◆ TO DO:
Provide only the number of lines in the following data that contain "blocks".

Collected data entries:
╭──
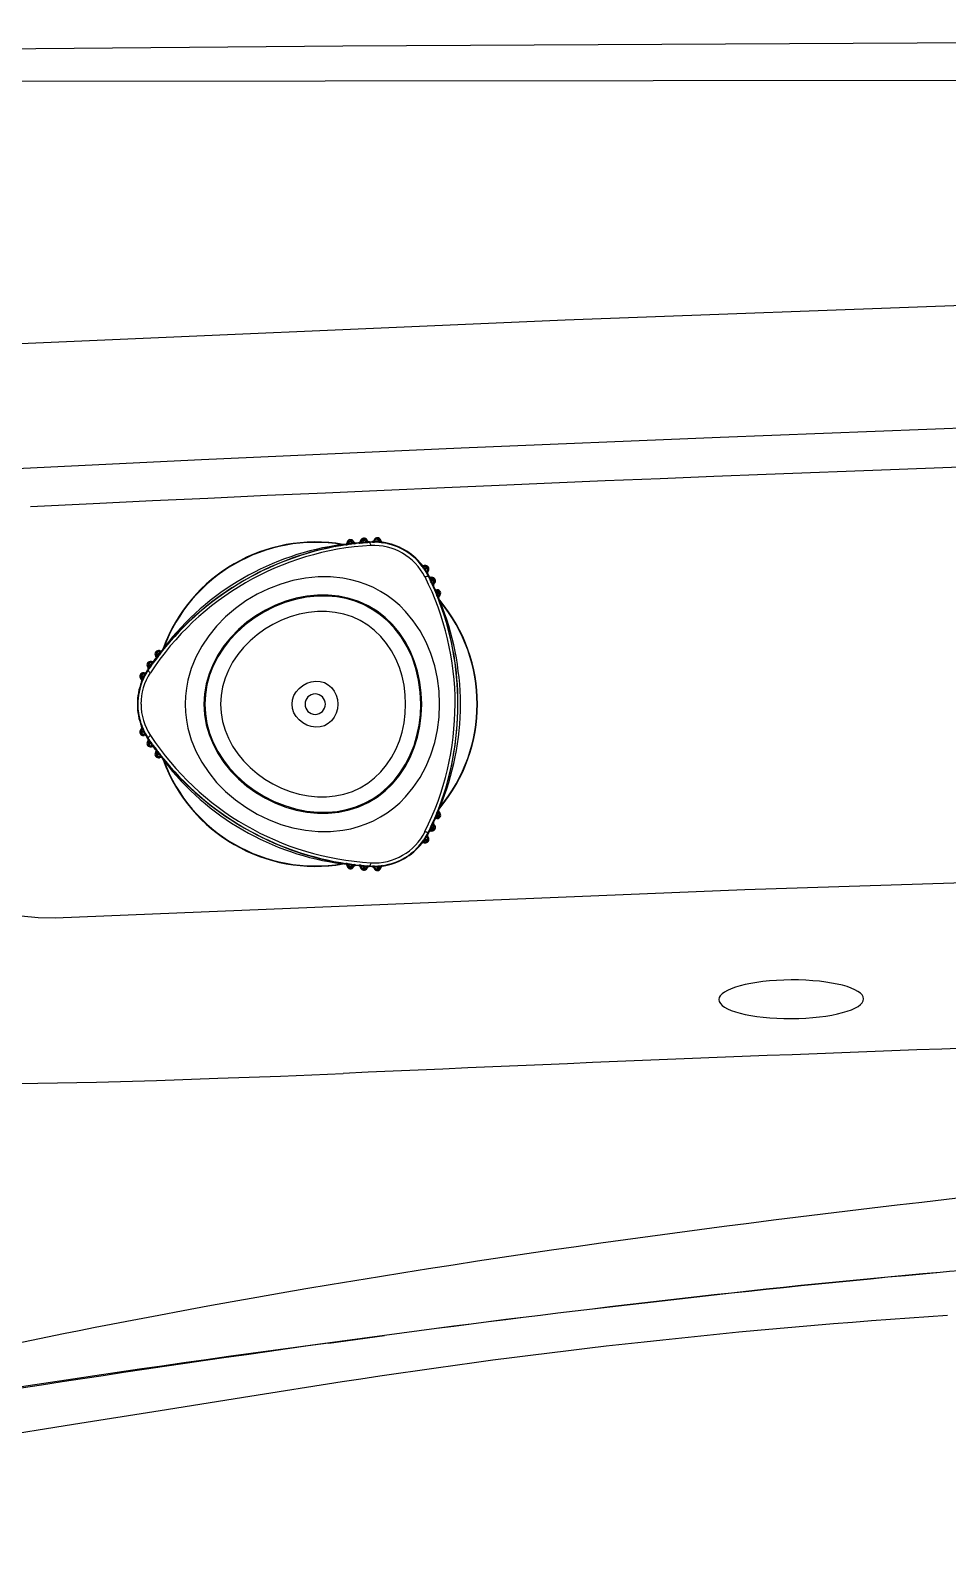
# Model space of a CAD drawing. Extents: x 398 to 509, y 623 to 780.
# Drawn here: x 413.89 to 421.09, y 722.96 to 735 of the extents above; entities that cross this region are included whole.
import ezdxf

# ---------------------------------------------------------------- set-up
doc = ezdxf.new("R2010")
doc.units = 0
doc.header["$MEASUREMENT"] = 0
for name, color, linetype in [('1', 4, 'Continuous'), ('JET', 3, 'Continuous'), ('LIGHT', 2, 'Continuous')]:
    doc.layers.add(name, color=color, linetype=linetype)

# ---------------------------------------------------------------- blocks, each defined once
blk = doc.blocks.new('AirValve_1646101-1')
at = {"layer": '1', "color": 3, "linetype": 'Continuous'}
for p, q in [((0.213, 1.253), (0.216, 1.253)), ((0.216, 1.253), (0.22, 1.255)), ((0.219, 1.253), (0.216, 1.253)), ((0.228, 1.253), (0.233, 1.255)), ((0.233, 1.255), (0.234, 1.255)), ((0.234, 1.255), (0.242, 1.252)), ((0.242, 1.252), (0.243, 1.252)), ((0.251, 1.272), (0.25, 1.269)), ((0.25, 1.269), (0.258, 1.266)), ((0.259, 1.27), (0.251, 1.272)), ((0.259, 1.27), (0.258, 1.266)), ((0.271, 1.261), (0.276, 1.278)), ((0.271, 1.261), (0.287, 1.263)), ((0.279, 1.278), (0.287, 1.263)), ((0.301, 1.279), (0.294, 1.275)), ((0.294, 1.275), (0.296, 1.271)), ((0.296, 1.271), (0.302, 1.276)), ((0.302, 1.276), (0.301, 1.279)), ((0.314, 1.261), (0.315, 1.262)), ((0.315, 1.262), (0.322, 1.267)), ((0.322, 1.267), (0.339, 1.269)), ((0.339, 1.269), (0.346, 1.265)), ((0.364, 1.283), (0.356, 1.285)), ((0.356, 1.285), (0.356, 1.282)), ((0.356, 1.282), (0.363, 1.279)), ((0.364, 1.283), (0.363, 1.279)), ((0.376, 1.268), (0.397, 1.27)), ((0.378, 1.274), (0.383, 1.29)), ((0.386, 1.29), (0.394, 1.275)), ((0.394, 1.275), (0.397, 1.27)), ((0.4, 1.286), (0.407, 1.29)), ((0.4, 1.286), (0.402, 1.282)), ((0.402, 1.282), (0.406, 1.285)), ((0.406, 1.285), (0.409, 1.287)), ((0.409, 1.287), (0.407, 1.29)), ((0.424, 1.274), (0.421, 1.272)), ((0.427, 1.276), (0.424, 1.274)), ((0.425, 1.272), (0.424, 1.274)), ((0.427, 1.276), (0.445, 1.277)), ((0.472, 1.273), (0.44, 1.272)), ((0.452, 1.273), (0.445, 1.277)), ((0.452, 1.273), (0.453, 1.273)), ((0.464, 1.291), (0.463, 1.289)), ((0.463, 1.289), (0.469, 1.285)), ((0.464, 1.291), (0.471, 1.288)), ((0.469, 1.285), (0.471, 1.288)), ((0.484, 1.278), (0.49, 1.293)), ((0.484, 1.278), (0.5, 1.277)), ((0.495, 1.293), (0.5, 1.277)), ((0.515, 1.289), (0.508, 1.287)), ((0.508, 1.287), (0.51, 1.282)), ((0.51, 1.282), (0.517, 1.285)), ((0.517, 1.285), (0.515, 1.289)), ((0.519, 1.269), (0.516, 1.27)), ((0.539, 1.266), (0.519, 1.269)), ((0.525, 1.269), (0.526, 1.269)), ((0.526, 1.269), (0.532, 1.272)), ((0.837, 1.096), (0.838, 1.088)), ((0.838, 1.088), (0.839, 1.088)), ((0.856, 1.089), (0.858, 1.081)), ((0.861, 1.089), (0.856, 1.089)), ((0.863, 1.082), (0.861, 1.089)), ((0.844, 1.08), (0.842, 1.083)), ((0.863, 1.082), (0.858, 1.081)), ((0.858, 1.07), (0.875, 1.074)), ((0.858, 1.07), (0.867, 1.057)), ((0.867, 1.057), (0.877, 1.07)), ((0.883, 1.018), (0.869, 1.043)), ((0.879, 1.028), (0.879, 1.027)), ((0.886, 1.023), (0.879, 1.027)), ((0.883, 1.051), (0.881, 1.048)), ((0.881, 1.048), (0.887, 1.044)), ((0.883, 1.051), (0.889, 1.046)), ((0.886, 1.023), (0.894, 1.007)), ((0.887, 1.044), (0.889, 1.046)), ((0.894, 1.003), (0.891, 1.002)), ((0.896, 0.993), (0.891, 1.002)), ((0.894, 1.003), (0.893, 0.999)), ((0.893, 0.999), (0.894, 0.998)), ((0.894, 1.007), (0.894, 1.003)), ((0.91, 0.962), (0.903, 0.977)), ((0.909, 0.977), (0.927, 0.978)), ((0.909, 0.977), (0.916, 0.963)), ((0.915, 0.996), (0.912, 0.996)), ((0.912, 0.996), (0.912, 0.992)), ((0.912, 0.992), (0.912, 0.988)), ((0.912, 0.988), (0.916, 0.988)), ((0.916, 0.988), (0.915, 0.996)), ((0.916, 0.963), (0.928, 0.975)), ((0.94, 0.895), (0.919, 0.944)), ((0.924, 0.932), (0.925, 0.931)), ((0.925, 0.931), (0.931, 0.927)), ((0.931, 0.955), (0.928, 0.953)), ((0.928, 0.953), (0.935, 0.948)), ((0.937, 0.95), (0.931, 0.955)), ((0.931, 0.927), (0.938, 0.911)), ((0.935, 0.948), (0.937, 0.95)), ((0.937, 0.902), (0.938, 0.911)), ((0.937, 0.902), (0.938, 0.902)), ((0.953, 0.863), (0.947, 0.878)), ((0.953, 0.879), (0.959, 0.864)), ((0.953, 0.879), (0.97, 0.879)), ((0.956, 0.899), (0.955, 0.89)), ((0.955, 0.89), (0.959, 0.891)), ((0.959, 0.899), (0.956, 0.899)), ((0.959, 0.899), (0.959, 0.891)), ((0.971, 0.876), (0.959, 0.864)), ((0.973, 0.858), (0.97, 0.855)), ((0.97, 0.855), (0.976, 0.849)), ((0.979, 0.852), (0.973, 0.858)), ((0.976, 0.849), (0.979, 0.852)), ((0.965, 0.835), (0.965, 0.834)), ((0.965, 0.834), (0.972, 0.828)), ((0.972, 0.828), (0.972, 0.828)), ((0.972, 0.828), (0.973, 0.823)), ((0.973, 0.823), (0.98, 0.812)), ((0.979, 0.817), (0.98, 0.812)), ((-1.256, 0.38), (-1.249, 0.384)), ((-1.256, 0.38), (-1.254, 0.378)), ((-1.254, 0.378), (-1.247, 0.381)), ((-1.247, 0.381), (-1.249, 0.384)), ((-1.235, 0.384), (-1.244, 0.399)), ((-1.225, 0.397), (-1.242, 0.402)), ((-1.235, 0.384), (-1.225, 0.397)), ((-1.225, 0.42), (-1.227, 0.412)), ((-1.227, 0.412), (-1.223, 0.411)), ((-1.222, 0.42), (-1.225, 0.42)), ((-1.223, 0.411), (-1.222, 0.42)), ((-1.203, 0.417), (-1.202, 0.418)), ((-1.202, 0.418), (-1.201, 0.426)), ((-1.197, 0.43), (-1.193, 0.438)), ((-1.195, 0.438), (-1.191, 0.441)), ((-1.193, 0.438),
╰──
◆ OUTPUT FOR THIS EXERCISE:
2